Abstract
Background
Apicomplexan haemoparasites are protozoans that infect a variety of domestic and wild animal species, as well as humans. Data regarding haemoprotozoans in domestic cats are limited; therefore, the aim of this study was to assess the occurrence of Babesia spp., Cytauxzoon spp., and Hepatozoon spp. in domestic cats in Romania using molecular tools.
Methods
Blood samples from 371 domestic cats were screened for the presence of piroplasmids. All samples that yielded a visible band in agarose gels were subsequently tested by specific assays targeting the 18S rDNA of Babesia spp., Cytauxzoon spp., and Hepatozoon spp. Moreover, nested PCR assays targeting mitochondrial genes of Babesia spp. were used for screening of all Babesia spp. 18S rDNA-positive samples.
Results
From the total number of sampled cats, 19.4% were positive in the PCR assay targeting piroplasmids.

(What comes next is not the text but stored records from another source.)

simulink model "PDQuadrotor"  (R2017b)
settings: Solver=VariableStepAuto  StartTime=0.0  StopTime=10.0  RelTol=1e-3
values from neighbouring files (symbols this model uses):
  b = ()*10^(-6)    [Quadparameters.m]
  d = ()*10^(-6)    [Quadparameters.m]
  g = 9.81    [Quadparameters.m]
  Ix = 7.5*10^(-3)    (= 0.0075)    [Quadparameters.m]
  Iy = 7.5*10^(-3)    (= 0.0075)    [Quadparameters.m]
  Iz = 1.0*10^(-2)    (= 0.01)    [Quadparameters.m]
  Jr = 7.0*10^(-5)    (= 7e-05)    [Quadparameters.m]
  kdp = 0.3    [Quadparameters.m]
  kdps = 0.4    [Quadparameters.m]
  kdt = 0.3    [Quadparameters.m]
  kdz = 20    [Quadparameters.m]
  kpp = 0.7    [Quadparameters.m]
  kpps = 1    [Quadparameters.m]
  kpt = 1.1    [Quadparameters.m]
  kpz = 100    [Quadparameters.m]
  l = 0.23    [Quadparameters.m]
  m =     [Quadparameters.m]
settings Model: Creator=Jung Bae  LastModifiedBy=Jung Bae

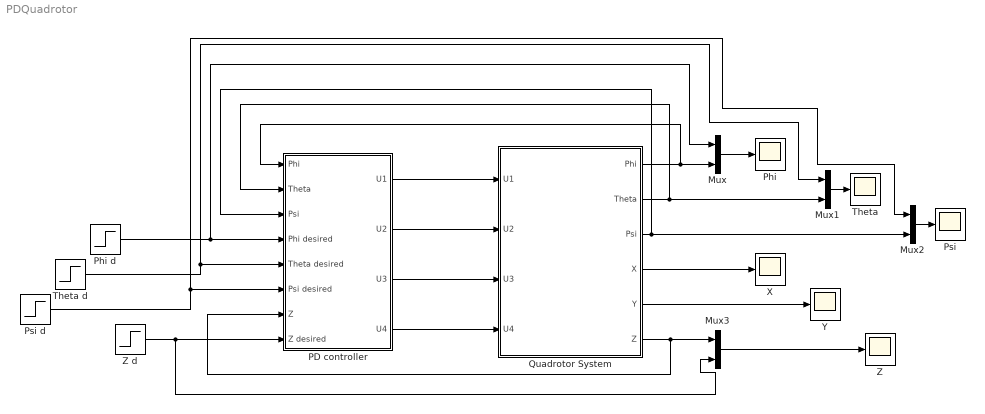
== system PDQuadrotor ==
  Mux{,1..3} (4 alike) : Mux  Inputs=2
  PD controller : Subsystem
  Phi : Scope
  Phi d : Step  SampleTime=0
  Psi : Scope
  Psi d : Step  SampleTime=0
  Quadrotor System : Subsystem
  Theta : Scope
  Theta d : Step  SampleTime=0
  X : Scope
  Y : Scope
  Z : Scope
  Z d : Step  SampleTime=0
  wires:
  Mux3/1 -> Z/1
  Z d/1 -> PD controller/8(Z desired), Mux3/2
  Quadrotor System/5(Y) -> Y/1
  Quadrotor System/1(Phi) -> PD controller/1(Phi), Mux/2
  Mux1/1 -> Theta/1
  Quadrotor System/4(X) -> X/1
  Phi d/1 -> Mux/1, PD controller/4(Phi desired)
  Mux2/1 -> Psi/1
  Psi d/1 -> PD controller/6(Psi desired), Mux2/1
  Quadrotor System/3(Psi) -> Mux2/2, PD controller/3(Psi)
  Quadrotor System/2(Theta) -> Mux1/2, PD controller/2(Theta)
  Mux/1 -> Phi/1
  Theta d/1 -> Mux1/1, PD controller/5(Theta desired)
  PD controller/3(U3) -> Quadrotor System/3(U3)
  Quadrotor System/6(Z) -> PD controller/7(Z), Mux3/1
  PD controller/4(U4) -> Quadrotor System/4(U4)
  PD controller/2(U2) -> Quadrotor System/2(U2)
  PD controller/1(U1) -> Quadrotor System/1(U1)

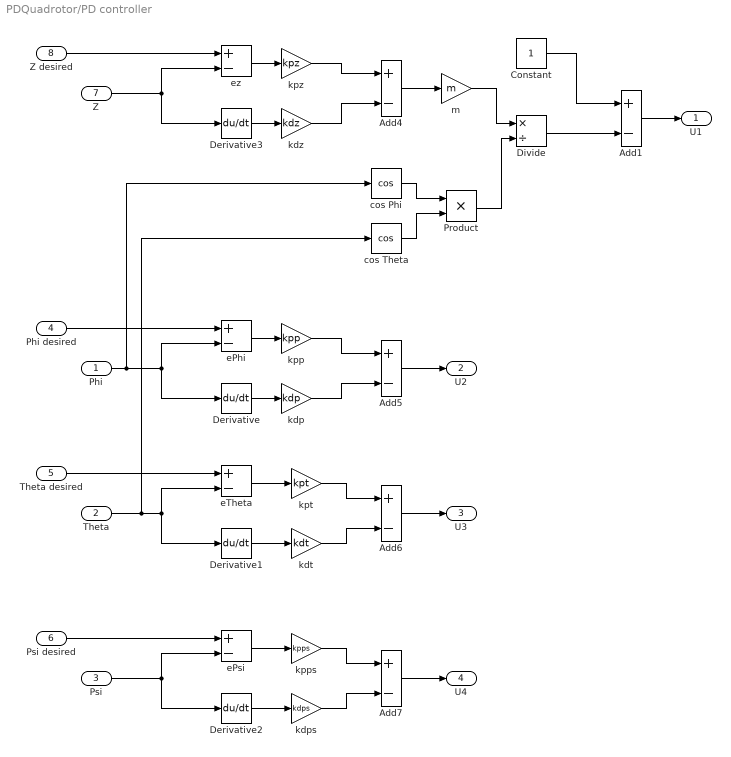
== system PDQuadrotor/PD controller ==
  Phi : Inport
  Theta : Inport  Port=2
  Psi : Inport  Port=3
  Phi desired : Inport  Port=4
  Theta desired : Inport  Port=5
  Psi desired : Inport  Port=6
  Z : Inport  Port=7
  Z desired : Inport  Port=8
  Add{1,4..7} (5 alike) : Sum  Inputs=+-
  Constant : Constant
  Derivative{,1..3} (4 alike) : Derivative
  Divide : Product  Inputs=*/
  Product : Product  RndMeth=Zero
  cos Phi : Trigonometry  Operator=cos
  cos Theta : Trigonometry  Operator=cos
  ePhi : Sum  Inputs=+-
  ePsi : Sum  Inputs=+-
  eTheta : Sum  Inputs=+-
  ez : Sum  Inputs=+-
  kdp : Gain  Gain=kdp
  kdps : Gain  Gain=kdps
  kdt : Gain  Gain=kdt
  kdz : Gain  Gain=kdz
  kpp : Gain  Gain=kpp
  kpps : Gain  Gain=kpps
  kpt : Gain  Gain=kpt
  kpz : Gain  Gain=kpz
  m : Gain  Gain=m
  U1 : Outport
  U2 : Outport  Port=2
  U3 : Outport  Port=3
  U4 : Outport  Port=4
  wires:
  Phi/1 -> Derivative/1, ePhi/2, cos Phi/1
  Theta/1 -> Derivative1/1, eTheta/2, cos Theta/1
  Psi/1 -> Derivative2/1, ePsi/2
  Phi desired/1 -> ePhi/1
  Theta desired/1 -> eTheta/1
  Psi desired/1 -> ePsi/1
  ePhi/1 -> kpp/1
  Derivative/1 -> kdp/1
  eTheta/1 -> kpt/1
  Derivative1/1 -> kdt/1
  ePsi/1 -> kpps/1
  Derivative2/1 -> kdps/1
  Z/1 -> Derivative3/1, ez/2
  Z desired/1 -> ez/1
  ez/1 -> kpz/1
  Derivative3/1 -> kdz/1
  kpz/1 -> Add4/1
  kdz/1 -> Add4/2
  kpp/1 -> Add5/1
  kdp/1 -> Add5/2
  Add5/1 -> U2/1
  kpt/1 -> Add6/1
  kdt/1 -> Add6/2
  Add6/1 -> U3/1
  kpps/1 -> Add7/1
  kdps/1 -> Add7/2
  Add7/1 -> U4/1
  cos Phi/1 -> Product/1
  cos Theta/1 -> Product/2
  Add4/1 -> m/1
  m/1 -> Divide/1
  Product/1 -> Divide/2
  Constant/1 -> Add1/1
  Divide/1 -> Add1/2
  Add1/1 -> U1/1

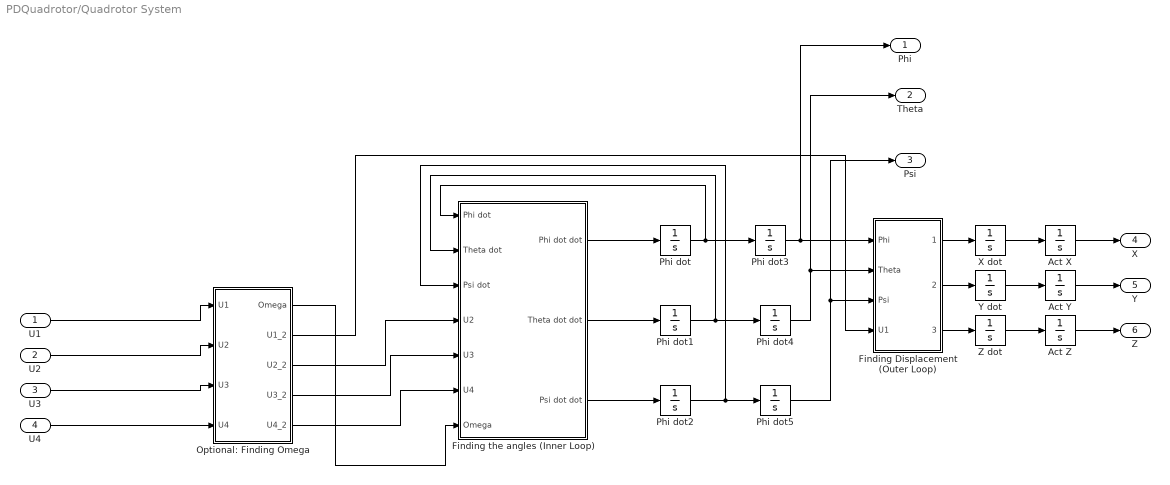
== system PDQuadrotor/Quadrotor System ==
  U1 : Inport
  U2 : Inport  Port=2
  U3 : Inport  Port=3
  U4 : Inport  Port=4
  Act X : Integrator
  Act Y : Integrator
  Act Z : Integrator
  Finding Displacement (Outer Loop) : Subsystem
  Finding the angles (Inner Loop) : Subsystem
  Optional: Finding Omega : Subsystem
  Phi dot : Integrator
  Phi dot{1..5} (5 alike) : Integrator  ZeroCross=off
  X dot : Integrator
  Y dot : Integrator
  Z dot : Integrator
  Phi : Outport
  Theta : Outport  Port=2
  Psi : Outport  Port=3
  X : Outport  Port=4
  Y : Outport  Port=5
  Z : Outport  Port=6
  wires:
  Finding the angles (Inner Loop)/1(Phi dot dot) -> Phi dot/1
  Finding the angles (Inner Loop)/2(Theta dot dot) -> Phi dot1/1
  Finding the angles (Inner Loop)/3(Psi dot dot) -> Phi dot2/1
  Phi dot/1 -> Finding the angles (Inner Loop)/1(Phi dot), Phi dot3/1
  Phi dot1/1 -> Finding the angles (Inner Loop)/2(Theta dot), Phi dot4/1
  Phi dot2/1 -> Finding the angles (Inner Loop)/3(Psi dot), Phi dot5/1
  Optional: Finding Omega/3(U2_2) -> Finding the angles (Inner Loop)/4(U2)
  Optional: Finding Omega/4(U3_2) -> Finding the angles (Inner Loop)/5(U3)
  Optional: Finding Omega/5(U4_2) -> Finding the angles (Inner Loop)/6(U4)
  Optional: Finding Omega/1(Omega) -> Finding the angles (Inner Loop)/7(Omega)
  Phi dot3/1 -> Finding Displacement (Outer Loop)/1(Phi), Phi/1
  Phi dot4/1 -> Finding Displacement (Outer Loop)/2(Theta), Theta/1
  Phi dot5/1 -> Finding Displacement (Outer Loop)/3(Psi), Psi/1
  Optional: Finding Omega/2(U1_2) -> Finding Displacement (Outer Loop)/4(U1)
  Finding Displacement (Outer Loop)/1(x dotdot) -> X dot/1
  X dot/1 -> Act X/1
  Y dot/1 -> Act Y/1
  Finding Displacement (Outer Loop)/2(y dotdot) -> Y dot/1
  Z dot/1 -> Act Z/1
  Finding Displacement (Outer Loop)/3(z dotdot) -> Z dot/1
  Act X/1 -> X/1
  Act Y/1 -> Y/1
  Act Z/1 -> Z/1
  U1/1 -> Optional: Finding Omega/1(U1)
  U2/1 -> Optional: Finding Omega/2(U2)
  U3/1 -> Optional: Finding Omega/3(U3)
  U4/1 -> Optional: Finding Omega/4(U4)

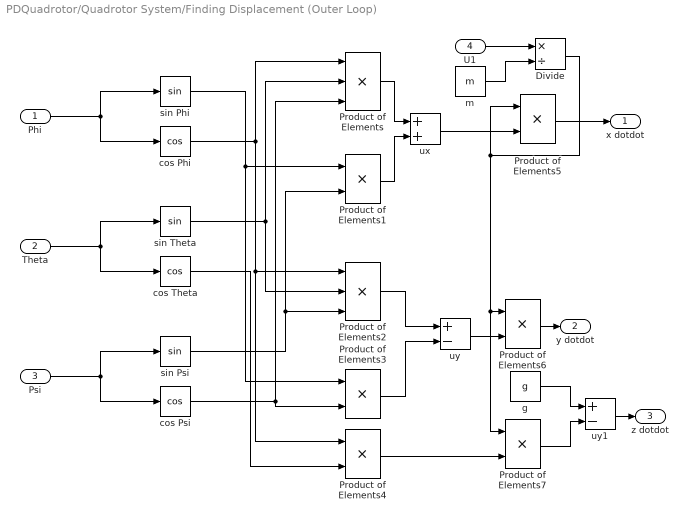
== system PDQuadrotor/Quadrotor System/Finding Displacement (Outer Loop) ==
  Phi : Inport
  Theta : Inport  Port=2
  Psi : Inport  Port=3
  U1 : Inport  Port=4
  Divide : Product  Inputs=*/
  Product of Elements : Product  Inputs=3
  Product of Elements{1,3..7} (6 alike) : Product
  Product of Elements2 : Product  Inputs=3
  cos Phi : Trigonometry  Operator=cos
  cos Psi : Trigonometry  Operator=cos
  cos Theta : Trigonometry  Operator=cos
  g : Constant  Value=g
  m : Constant  Value=m
  sin Phi : Trigonometry
  sin Psi : Trigonometry
  sin Theta : Trigonometry
  ux : Sum
  uy : Sum  Inputs=+-
  uy1 : Sum  Inputs=+-
  x dotdot : Outport
  y dotdot : Outport  Port=2
  z dotdot : Outport  Port=3
  wires:
  Phi/1 -> sin Phi/1, cos Phi/1
  Theta/1 -> sin Theta/1, cos Theta/1
  Psi/1 -> sin Psi/1, cos Psi/1
  sin Theta/1 -> Product of Elements2/2, Product of Elements/2
  cos Psi/1 -> Product of Elements3/2, Product of Elements/3
  cos Phi/1 -> Product of Elements2/1, Product of Elements4/1, Product of Elements/1
  sin Phi/1 -> Product of Elements1/1, Product of Elements3/1
  sin Psi/1 -> Product of Elements1/2, Product of Elements2/3
  Product of Elements/1 -> ux/1
  Product of Elements1/1 -> ux/2
  ux/1 -> Product of Elements5/2
  Product of Elements2/1 -> uy/1
  Product of Elements3/1 -> uy/2
  uy/1 -> Product of Elements6/2
  cos Theta/1 -> Product of Elements4/2
  Product of Elements4/1 -> Product of Elements7/2
  U1/1 -> Divide/1
  m/1 -> Divide/2
  Divide/1 -> Product of Elements5/1, Product of Elements7/1, Product of Elements6/1
  Product of Elements5/1 -> x dotdot/1
  Product of Elements6/1 -> y dotdot/1
  uy1/1 -> z dotdot/1
  Product of Elements7/1 -> uy1/2
  g/1 -> uy1/1

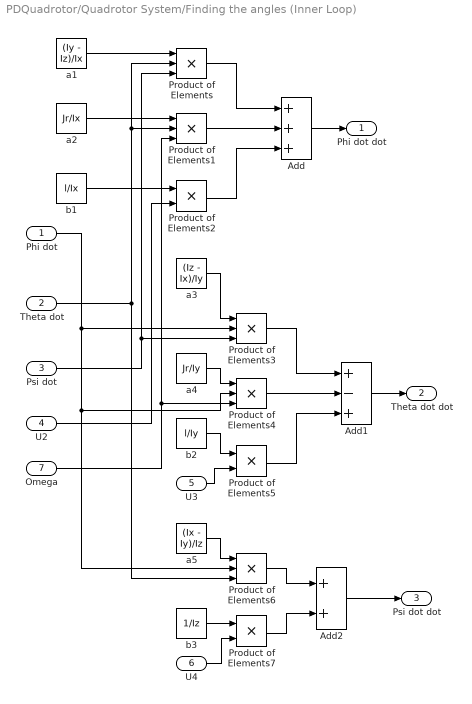
== system PDQuadrotor/Quadrotor System/Finding the angles (Inner Loop) ==
  Phi dot : Inport
  Theta dot : Inport  Port=2
  Psi dot : Inport  Port=3
  U2 : Inport  Port=4
  U3 : Inport  Port=5
  U4 : Inport  Port=6
  Omega : Inport  Port=7
  Add : Sum  Inputs=+++
  Add1 : Sum  Inputs=+-+
  Add2 : Sum
  Product of Elements{,1,3..4,6} (5 alike) : Product  Inputs=3
  Product of Elements2 : Product
  Product of Elements5 : Product
  Product of Elements7 : Product
  a1 : Constant  Value=(Iy - Iz)/Ix
  a2 : Constant  Value=Jr/Ix
  a3 : Constant  Value=(Iz - Ix)/Iy
  a4 : Constant  Value=Jr/Iy
  a5 : Constant  Value=(Ix - Iy)/Iz
  b1 : Constant  Value=l/Ix
  b2 : Constant  Value=l/Iy
  b3 : Constant  Value=1/Iz
  Phi dot dot : Outport
  Theta dot dot : Outport  Port=2
  Psi dot dot : Outport  Port=3
  wires:
  Product of Elements/1 -> Add/1
  Product of Elements1/1 -> Add/2
  Product of Elements2/1 -> Add/3
  Add/1 -> Phi dot dot/1
  a1/1 -> Product of Elements/1
  Theta dot/1 -> Product of Elements6/3, Product of Elements/2, Product of Elements1/2
  Psi dot/1 -> Product of Elements/3, Product of Elements3/3
  a2/1 -> Product of Elements1/1
  b1/1 -> Product of Elements2/1
  U2/1 -> Product of Elements2/2
  Omega/1 -> Product of Elements1/3, Product of Elements4/3
  Product of Elements3/1 -> Add1/1
  Product of Elements4/1 -> Add1/2
  Product of Elements5/1 -> Add1/3
  Add1/1 -> Theta dot dot/1
  a3/1 -> Product of Elements3/1
  a4/1 -> Product of Elements4/1
  b2/1 -> Product of Elements5/1
  U3/1 -> Product of Elements5/2
  Phi dot/1 -> Product of Elements3/2, Product of Elements4/2, Product of Elements6/2
  Product of Elements6/1 -> Add2/1
  Product of Elements7/1 -> Add2/2
  Add2/1 -> Psi dot dot/1
  U4/1 -> Product of Elements7/2
  b3/1 -> Product of Elements7/1
  a5/1 -> Product of Elements6/1

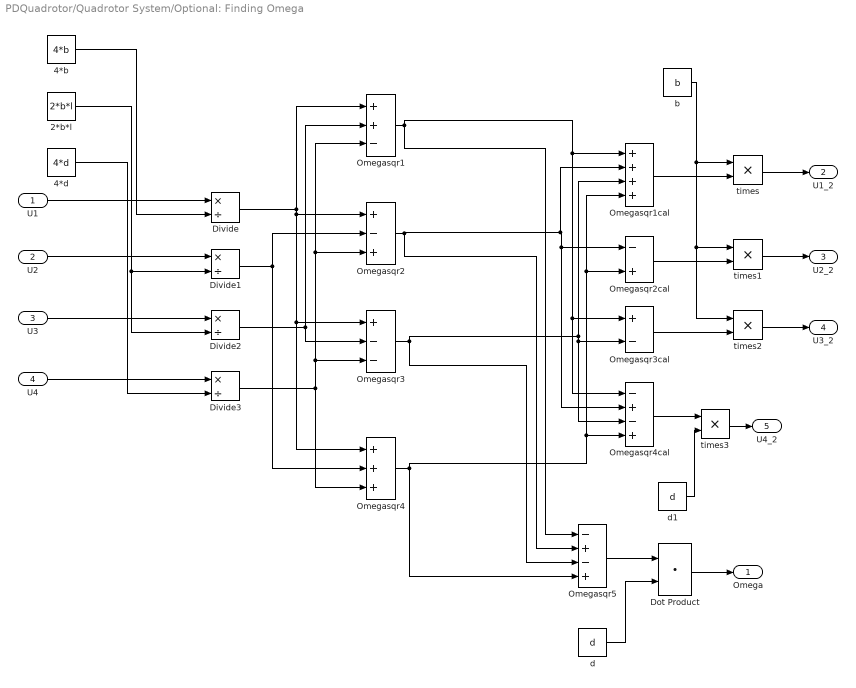
== system PDQuadrotor/Quadrotor System/Optional: Finding Omega ==
  U1 : Inport
  U2 : Inport  Port=2
  U3 : Inport  Port=3
  U4 : Inport  Port=4
  2*b*l : Constant  Value=2*b*l
  4*b : Constant  Value=4*b
  4*d : Constant  Value=4*d
  Divide{,1..3} (4 alike) : Product  Inputs=*/
  Dot Product : DotProduct  InputSameDT=on  OutDataTypeStr=Inherit: Inherit via internal rule
  Omegasqr1 : Sum  Inputs=++-
  Omegasqr1cal : Sum  Inputs=++++
  Omegasqr2 : Sum  Inputs=+-+
  Omegasqr2cal : Sum  Inputs=-+
  Omegasqr3 : Sum  Inputs=+--
  Omegasqr3cal : Sum  Inputs=+-
  Omegasqr4 : Sum  Inputs=+++
  Omegasqr4cal : Sum  Inputs=-+-+
  Omegasqr5 : Sum  Inputs=-+-+
  b : Constant  Value=b
  d : Constant  Value=d
  d1 : Constant  Value=d
  times{,1..3} (4 alike) : Product  Inputs=**
  Omega : Outport
  U1_2 : Outport  Port=2
  U2_2 : Outport  Port=3
  U3_2 : Outport  Port=4
  U4_2 : Outport  Port=5
  wires:
  U1/1 -> Divide/1
  4*b/1 -> Divide/2
  U2/1 -> Divide1/1
  2*b*l/1 -> Divide1/2, Divide2/2
  U3/1 -> Divide2/1
  U4/1 -> Divide3/1
  4*d/1 -> Divide3/2
  Divide/1 -> Omegasqr1/1, Omegasqr2/1, Omegasqr3/1, Omegasqr4/1
  Divide2/1 -> Omegasqr1/2, Omegasqr3/2
  Divide3/1 -> Omegasqr1/3, Omegasqr2/3, Omegasqr3/3, Omegasqr4/3
  Divide1/1 -> Omegasqr2/2, Omegasqr4/2
  Omegasqr1/1 -> Omegasqr4cal/1, Omegasqr3cal/1, Omegasqr1cal/1, Omegasqr5/1
  Omegasqr2/1 -> Omegasqr1cal/2, Omegasqr4cal/2, Omegasqr2cal/1, Omegasqr5/2
  Omegasqr3/1 -> Omegasqr1cal/3, Omegasqr4cal/3, Omegasqr3cal/2, Omegasqr5/3
  Omegasqr4/1 -> Omegasqr1cal/4, Omegasqr2cal/2, Omegasqr4cal/4, Omegasqr5/4
  Omegasqr5/1 -> Dot Product/1
  Dot Product/1 -> Omega/1
  d/1 -> Dot Product/2
  b/1 -> times/1, times1/1, times2/1
  Omegasqr1cal/1 -> times/2
  Omegasqr2cal/1 -> times1/2
  Omegasqr3cal/1 -> times2/2
  Omegasqr4cal/1 -> times3/1
  d1/1 -> times3/2
  times/1 -> U1_2/1
  times1/1 -> U2_2/1
  times3/1 -> U4_2/1
  times2/1 -> U3_2/1

Babesia spp. were identified in 15.1% of cats, while 0.5% were positive for Hepatozoon spp. Molecular analyses confirmed the presence of Babesia canis. No samples were positive for Cytauxzoon spp.
Conclusions
The high infection rates of domestic cats with Babesia spp. and the need for species differentiation highlight the importance of mitochondrial genes as targets for molecular protocols.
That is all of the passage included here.